B. However, around early 2004, the Plaintiff used the instant real estate as a leased property after receiving a successful bid in 1850 million won on June 10, 2005 and completing the registration of transfer of ownership with the completion of the compulsory auction and the voluntary auction procedure commenced by the creditors of Kim○, including the Plaintiff, and the creditors of the construction cost related to the construction of the hospital building in Kim Jong-ho occupy the hospital building with the title as the title to the hospital building and reported the lien to the executing court.
C. On December 5, 2005, the Plaintiff agreed to sell the instant real estate between the medical corporation ○○ Medical Foundation (hereinafter “○○ Medical Foundation”) and the medical corporation ○○○○○○ Foundation (hereinafter “○○ Medical Foundation”) and entered into an agreement with the lien holders to determine the sales amount as KRW 1.7 billion and the amount of credit of the lien holders is KRW 1.5 billion, limited to the principal amount of credit of 1.5 billion, and the ○ Medical Foundation pays 1.5 billion to the lien holders through the Plaintiff, thereby having the Plaintiff resolve
D. On December 8, 2005, the Plaintiff and the ○○ Medical Foundation drafted a sales contract stating the purchase price of 1.7 billion won (10 million won in contract, part payments, 60 million won in balance) based on the terms of the above agreement, and the Plaintiff completed the registration of ownership transfer in the future of the ○○ Medical Foundation immediately after receiving 1.7 billion won in the purchase price from the ○○ Medical Foundation, and attached a special agreement stating that the right to payment shall be created to the hospital building with the right to collateral security at the time of receiving 1.5 billion won in agreement with the lien holders.

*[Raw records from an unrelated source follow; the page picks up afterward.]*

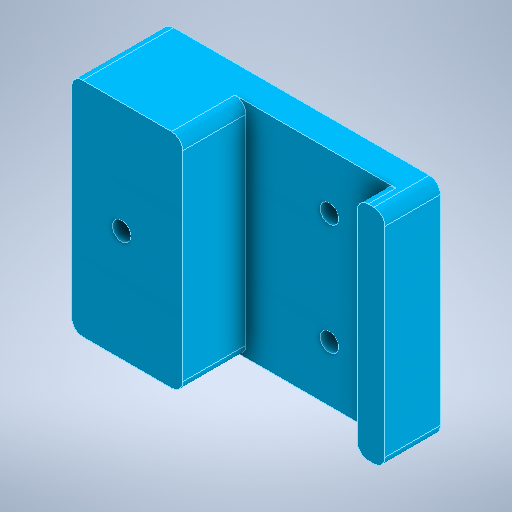
# Autodesk Inventor part: soroban_hold
Saved by Autodesk Inventor 2025.1 (Build 291241000, 241)
## iProperties
Created: 2024-10-17
Part Number: soroban_hold
Material: 一般
Document SubType Name: Modeling
Designer: yuki0520
Density: 1 g/cm^3
Appearance: スカイ ブルー 標準
Author: yuki0520
Autodesk Inventor part; units mm, degrees
ref_plane "YZ Plane" through (0, 0, 0) normal (1, 0, 0) x (0, 1, 0)
ref_plane "XZ Plane" through (0, 0, 0) normal (0, 1, 0) x (-1, 0, 0)
ref_plane "XY Plane" through (0, 0, 0) normal (0, 0, 1) x (1, 0, 0)
sketch "スケッチ1" plane through (0, 0, 0) normal (0, 0, 1) x (1, 0, 0)
  line L0 (22.5, -20) -> (-22.5, -20)
  line L1 (-22.5, -20) -> (-22.5, 20)
  line L2 (-22.5, 20) -> (22.5, 20)
  line L3 (22.5, 20) -> (22.5, -20)
  line L4 (22.5, -20) -> (-22.5, 20) construction
  line L5 (-22.5, -20) -> (22.5, 20) construction
  circle A0 centre (12.5, 10) radius 1.65
  circle A1 centre (12.5, -10) radius 1.65
  circle A2 centre (-13.5, 0) radius 1.65
  point P0 (0, 0)
  dimension "d0" = 45
  dimension "d1" = 40
  dimension "d2" = 3.3
  dimension "d3" = 3.3
  dimension "d4" = 10
  dimension "d5" = 10
  dimension "d6" = 10
  dimension "d7" = 10
  dimension "d8" = 3.3
  dimension "d9" = 36
  dimension "d10" = 20
  constraints: 12 end point, 3 centre point, 2 midpoint, 2 parallel, 1 horizontal, 1 perpendicular
  measures "d0" distance of L1.end L2.end
  measures "d1" distance of L0.end L1.end
  measures "d2" diameter of A0
  measures "d3" diameter of A1
  measures "d4" distance from line of L3 A0.centre
  measures "d5" distance from line of L3 A1.centre
  measures "d6" distance from line of L2 A0.centre
  measures "d7" distance from line of L0 A1.centre
  measures "d8" diameter of A2
  measures "d9" distance from line of L3 A2.centre
  measures "d10" distance from line of L2 A2.centre
extrude "押し出し1" add sketch "スケッチ1" along normal blind 5
sketch "スケッチ2" plane through (0, 0, 5) normal (0, 0, 1) x (1, 0, 0)
  line L0 (22.5, 20) -> (-22.5, 20) projected
  line L1 (-22.5, 20) -> (-22.5, -20) projected
  line L2 (-22.5, -20) -> (22.5, -20) projected
  line L3 (22.5, -20) -> (22.5, 20) projected
  circle A0 centre (-13.5, 0) radius 1.65 projected
  circle A1 centre (12.5, -10) radius 1.65 projected
  circle A2 centre (12.5, 10) radius 1.65 projected
  line L4 (-22.5, 20) -> (0, 20)
  line L5 (0, 20) -> (0, -20)
  line L6 (0, -20) -> (-22.5, -20)
  line L7 (-22.5, -20) -> (-22.5, 20)
  line L8 (22.5, 20) -> (-22.5, 20) projected
  line L9 (-2.5, 20) -> (-2.5, -20)
  point P0 (0, 0)
  point P1 (-2.5, -20)
  dimension "d15" = 20
  constraints: 10 end point, 2 parallel, 2 perpendicular, 2 point on line, 1 horizontal, 1 midpoint
  measures "d15" distance between parallel lines of L1 L9
extrude "押し出し2" add sketch "スケッチ2" along normal blind 11.4 contours L9 L2 L1 L0
fillet "フィレット1" radius 2 4 edges at (-22.5, 20, 8.2) (-22.5, -20, 8.2) (-2.5, -20, 10.7) (-2.5, 20, 10.7)
sketch "スケッチ3" plane through (22.5, -20, 0) normal (1, 0, 0) x (0, 0, -1)
  line L0 (0, 0) -> (0, 40) projected
  line L1 (0, 40) -> (-5, 40) projected
  line L2 (-5, 0) -> (-5, 40) projected
  line L3 (0, 0) -> (-5, 0) projected
  line L4 (-5, 40) -> (-16.4, 40) projected
  line L5 (0, 0) -> (-10, 0)
  line L6 (-10, 0) -> (-10, 40)
  line L7 (-10, 40) -> (0, 40)
  line L8 (0, 40) -> (0, 0)
  point P0 (0, 20)
  dimension "d17" = 10
  constraints: 8 end point, 2 parallel, 1 horizontal, 1 perpendicular, 1 point on line
  measures "d17" distance of L6.end L7.end
extrude "押し出し3" add sketch "スケッチ3" along normal blind 5
fillet "フィレット2" radius 2 4 edges at (27.5, 20, 5) (27.5, -20, 5) (22.5, 20, 7.5) (22.5, -20, 7.5)

E. Accordingly, the Plaintiff received 1.7 billion won from the ○○ Medical Foundation on December 13, 2005, and, at the same time, completed the registration of ownership transfer with respect to the instant real estate in the name of the ○○ Medical Foundation, at the same time, completed the registration of ownership transfer with respect to the instant real estate, and at the same time, completed the registration of creation of a neighboring mortgage whose maximum debt amount is 2.5 billion won with respect to the ○○ Medical Foundation as the debtor, but received 1.5 billion won with respect to the lien from the ○○ Medical Foundation on January 3, 2006, and cancelled the registration
F. When the Plaintiff reported the value-added tax for the second half-year period in 2005, on the premise that the sales price for the instant real estate was 1.7 billion won, the Plaintiff reported and paid the value-added tax with the proportional amount of KRW 1,453,488,89 corresponding to the portion of the relevant hospital building among the instant real estate sales price. As a result of the Plaintiff’s tax investigation into the Plaintiff, the Defendant, as a result of the investigation into the sales contract, failed to report the value-added tax on the portion of the relevant 1.5 billion won, deeming that the Plaintiff was practically included in the sales price for the instant real estate, and thus, did not report the value-added tax on the portion of the relevant 1.5 billion won and added the corresponding proportional amount of KRW 1,181,942,00 to the value-added tax base on January 8, 2007, additionally imposing 153,95,230 won (hereinafter “instant disposition”).
G. The Plaintiff dissatisfied with the instant disposition and filed an objection with the Commissioner of the National Tax Service on April 6, 2007, but dismissed on May 16, 2007, and again, on August 9, 2007, the Director of the National Tax Tribunal filed a request for national tax adjudication with the Director of the National Tax Tribunal, but was dismissed on January 11, 2008.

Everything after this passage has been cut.